So what is the final conclusion guys? Stop using this charger?


----------



## RCuber (Oct 23, 2012)

you are still asking  .. STOP USING IT!!!


----------



## doomgiver (Oct 23, 2012)

duke123 said:


> you dont need to be a genius to figure out whats inside a charger..its just a voltage regulator(taught at plus 2 level) with specified voltage/current levels..ya i know whats used inside them..a transformer,some diodes,resisters,zener diode some voltage/current limiter...or you can just use a IC voltage regulator like 7805 to avoid all these...
> oh really? lets see you make one then.
> you dont need to reverse engineer a charger to built one..just check whats the range of input/output voltage current its providing..if you have seen a charger you might  have noticed its written on it sadly you havent
> buddy, you obviously dont know how to make circuits and such. each component you add/remove has a specific and observable effect on the whole circuit, includng input/output. basic electronics. go ahead, try it out with an old chaargr and a multimeter. shout out a resistor or something and then read the output and input.
> ...


it "tut tut" btw. and you are the noob 
Ken Shirriff's blog: Tiny, cheap, and dangerous: Inside a (fake) iPhone charger
Ken Shirriff's blog: Apple iPhone charger teardown: quality in a tiny expensive package 
boom, headshot.
there is gonna be interference at every level, man. you cant just take out the wheels from a bicycle and expect it to work.
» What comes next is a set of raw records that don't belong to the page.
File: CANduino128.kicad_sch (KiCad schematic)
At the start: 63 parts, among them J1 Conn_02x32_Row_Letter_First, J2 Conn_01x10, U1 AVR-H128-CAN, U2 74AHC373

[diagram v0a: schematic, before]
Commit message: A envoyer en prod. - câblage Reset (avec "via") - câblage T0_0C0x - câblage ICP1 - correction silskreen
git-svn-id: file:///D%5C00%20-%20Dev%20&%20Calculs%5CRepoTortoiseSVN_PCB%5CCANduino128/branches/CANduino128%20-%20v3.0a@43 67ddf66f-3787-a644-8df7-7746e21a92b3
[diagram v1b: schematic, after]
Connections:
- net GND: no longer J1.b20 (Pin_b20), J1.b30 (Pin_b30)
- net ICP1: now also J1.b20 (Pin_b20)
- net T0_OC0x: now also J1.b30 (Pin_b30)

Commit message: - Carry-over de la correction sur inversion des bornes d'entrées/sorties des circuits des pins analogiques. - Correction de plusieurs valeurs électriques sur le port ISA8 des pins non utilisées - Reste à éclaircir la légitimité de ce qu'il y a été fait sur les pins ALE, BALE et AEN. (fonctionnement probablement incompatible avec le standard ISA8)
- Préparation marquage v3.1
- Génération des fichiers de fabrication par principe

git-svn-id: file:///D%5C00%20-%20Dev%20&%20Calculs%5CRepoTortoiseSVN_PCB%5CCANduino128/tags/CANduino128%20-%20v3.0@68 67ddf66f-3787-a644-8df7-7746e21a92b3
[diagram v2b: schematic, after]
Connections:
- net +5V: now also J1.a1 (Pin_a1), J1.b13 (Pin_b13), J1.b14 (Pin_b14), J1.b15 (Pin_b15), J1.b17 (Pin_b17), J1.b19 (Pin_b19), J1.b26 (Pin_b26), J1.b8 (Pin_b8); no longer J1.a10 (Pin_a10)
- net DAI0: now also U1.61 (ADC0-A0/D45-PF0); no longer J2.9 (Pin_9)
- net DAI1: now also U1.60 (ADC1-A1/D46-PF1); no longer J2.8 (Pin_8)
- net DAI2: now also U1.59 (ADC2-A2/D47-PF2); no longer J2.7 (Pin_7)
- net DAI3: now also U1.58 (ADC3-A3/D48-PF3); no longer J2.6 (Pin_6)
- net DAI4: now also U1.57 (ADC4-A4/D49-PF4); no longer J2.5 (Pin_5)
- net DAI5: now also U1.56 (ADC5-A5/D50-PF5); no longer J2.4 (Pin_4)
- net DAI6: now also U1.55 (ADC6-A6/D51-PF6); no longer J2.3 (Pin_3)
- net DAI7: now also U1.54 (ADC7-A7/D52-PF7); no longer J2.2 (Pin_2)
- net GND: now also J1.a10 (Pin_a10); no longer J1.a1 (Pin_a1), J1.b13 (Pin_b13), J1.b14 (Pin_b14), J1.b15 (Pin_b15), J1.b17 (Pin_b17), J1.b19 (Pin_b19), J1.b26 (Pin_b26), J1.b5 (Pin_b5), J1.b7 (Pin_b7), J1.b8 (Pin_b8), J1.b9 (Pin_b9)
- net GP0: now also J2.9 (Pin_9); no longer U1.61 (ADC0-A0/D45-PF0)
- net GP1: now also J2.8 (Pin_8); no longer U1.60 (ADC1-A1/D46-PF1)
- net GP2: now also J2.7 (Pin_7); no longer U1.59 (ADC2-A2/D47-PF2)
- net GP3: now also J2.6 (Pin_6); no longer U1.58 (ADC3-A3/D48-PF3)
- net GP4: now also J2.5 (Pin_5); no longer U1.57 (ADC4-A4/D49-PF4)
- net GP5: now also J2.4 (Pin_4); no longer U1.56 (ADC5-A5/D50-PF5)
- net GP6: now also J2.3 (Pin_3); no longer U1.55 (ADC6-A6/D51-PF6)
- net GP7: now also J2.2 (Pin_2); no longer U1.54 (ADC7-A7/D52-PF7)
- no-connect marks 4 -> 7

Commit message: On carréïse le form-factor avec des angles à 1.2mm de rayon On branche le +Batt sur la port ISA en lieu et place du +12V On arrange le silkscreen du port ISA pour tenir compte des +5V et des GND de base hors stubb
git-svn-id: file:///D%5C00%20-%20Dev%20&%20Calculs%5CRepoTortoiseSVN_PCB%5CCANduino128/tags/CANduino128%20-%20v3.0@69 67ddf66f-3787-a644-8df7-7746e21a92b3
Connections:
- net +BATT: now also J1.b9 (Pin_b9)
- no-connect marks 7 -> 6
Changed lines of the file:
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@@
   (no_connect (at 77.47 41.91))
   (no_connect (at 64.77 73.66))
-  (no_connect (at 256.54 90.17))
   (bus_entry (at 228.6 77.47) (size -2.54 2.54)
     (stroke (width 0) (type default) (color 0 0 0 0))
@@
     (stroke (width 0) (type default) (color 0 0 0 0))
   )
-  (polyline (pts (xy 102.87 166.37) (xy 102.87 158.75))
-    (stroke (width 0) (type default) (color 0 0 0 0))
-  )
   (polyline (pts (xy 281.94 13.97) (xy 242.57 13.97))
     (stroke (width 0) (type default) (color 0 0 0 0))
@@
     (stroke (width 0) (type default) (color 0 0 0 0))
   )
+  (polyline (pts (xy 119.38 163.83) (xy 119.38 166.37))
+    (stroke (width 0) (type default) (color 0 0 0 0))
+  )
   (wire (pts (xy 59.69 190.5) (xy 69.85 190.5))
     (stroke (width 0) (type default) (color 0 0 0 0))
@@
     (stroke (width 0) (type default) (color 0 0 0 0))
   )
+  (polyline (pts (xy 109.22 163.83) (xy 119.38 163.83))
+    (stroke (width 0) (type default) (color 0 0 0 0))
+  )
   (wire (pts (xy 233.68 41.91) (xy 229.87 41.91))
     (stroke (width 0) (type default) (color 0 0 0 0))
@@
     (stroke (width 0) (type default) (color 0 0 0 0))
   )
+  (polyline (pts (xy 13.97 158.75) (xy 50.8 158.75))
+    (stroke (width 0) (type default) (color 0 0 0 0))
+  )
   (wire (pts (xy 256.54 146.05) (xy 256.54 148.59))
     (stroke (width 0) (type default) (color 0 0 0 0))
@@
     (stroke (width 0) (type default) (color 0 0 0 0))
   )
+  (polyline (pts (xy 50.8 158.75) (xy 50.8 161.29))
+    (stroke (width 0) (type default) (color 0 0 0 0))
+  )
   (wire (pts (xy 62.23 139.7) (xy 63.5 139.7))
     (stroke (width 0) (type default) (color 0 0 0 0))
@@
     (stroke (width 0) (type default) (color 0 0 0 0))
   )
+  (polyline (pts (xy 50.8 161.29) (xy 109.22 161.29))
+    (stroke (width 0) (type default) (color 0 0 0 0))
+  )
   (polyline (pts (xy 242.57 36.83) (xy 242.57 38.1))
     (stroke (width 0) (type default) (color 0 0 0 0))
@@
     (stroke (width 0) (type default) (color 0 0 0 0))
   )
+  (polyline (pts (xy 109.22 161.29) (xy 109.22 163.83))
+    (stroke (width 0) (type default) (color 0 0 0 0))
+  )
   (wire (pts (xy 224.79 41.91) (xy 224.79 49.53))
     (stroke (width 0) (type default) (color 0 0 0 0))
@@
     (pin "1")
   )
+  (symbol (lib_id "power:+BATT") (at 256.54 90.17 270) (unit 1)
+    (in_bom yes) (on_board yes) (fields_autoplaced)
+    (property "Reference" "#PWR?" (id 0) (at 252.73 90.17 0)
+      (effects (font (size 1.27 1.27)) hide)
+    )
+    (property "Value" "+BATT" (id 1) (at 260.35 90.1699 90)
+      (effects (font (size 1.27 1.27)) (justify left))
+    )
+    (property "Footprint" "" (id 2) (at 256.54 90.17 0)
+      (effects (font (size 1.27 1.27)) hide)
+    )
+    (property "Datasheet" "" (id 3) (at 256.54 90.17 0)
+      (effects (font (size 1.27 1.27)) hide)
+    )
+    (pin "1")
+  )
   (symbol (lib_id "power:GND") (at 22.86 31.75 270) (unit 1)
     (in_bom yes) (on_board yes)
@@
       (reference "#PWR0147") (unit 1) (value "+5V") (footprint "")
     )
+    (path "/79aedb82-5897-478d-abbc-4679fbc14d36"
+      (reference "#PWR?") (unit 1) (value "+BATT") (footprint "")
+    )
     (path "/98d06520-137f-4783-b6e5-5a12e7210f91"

1N4007GP-E3/54 - VISHAY GENERAL SEMICONDUCTOR - DIODE, STANDARD, 1A, 1000V | element14 India

1N5819-E3/54 - VISHAY - DIODE, SCHOTTKY, 1A, 40V | element14 India

MCRR25104X7RK0050 - MULTICOMP - CAPACITOR, 100NF, 50V, X7R,RADIAL | element14 India

HVR3700001504JA100 - VISHAY BC COMPONENTS - RESISTOR, 1M5 | element14 India

the difference of even a few rupees would mean a lot of profit, if a shop was turning out thousands of chargers a month, which the cheap chinese sweatshops are doing.





oh wait....
FUUUUUU

i just replied to a troll.
damn, this is the second time today.
must. resist. trolls.


----------



## Sam22 (Oct 23, 2012)

They will for sure destroy your mobile and after using cheapo chargers, a time will come when you won't be able to use your mobile as no charger in the world would be able to charge that...Samjhe ya Samjhaye


----------



## ajayritik (Oct 23, 2012)

RCuber said:


> you are still asking  .. STOP USING IT!!!


Guys how about this one? 
10 in 1 Usb Mobile Charging Cable For All Mobile Phone Usb Charger | eBay
Is this good?


----------



## duke123 (Oct 23, 2012)

doomgiver said:


> it "tut tut" btw. and you are the noob
> Ken Shirriff's blog: Tiny, cheap, and dangerous: Inside a (fake) iPhone charger
> Ken Shirriff's blog: Apple iPhone charger teardown: quality in a tiny expensive package
> boom, headshot.
> ...






i already pointed out that i am not a electronics genius but dont you pretend you are one...you are calling others dumb,noob etc giving lame examples like pizza,water tap,cycle and ya tuk tuk tuk ,reverse engineeringetc shows your practical understanding of these..your points are correct because of these but you dont have absolutely no idea whats going inside since you are just good at copy paste links...(you took 1 day just to find these links) 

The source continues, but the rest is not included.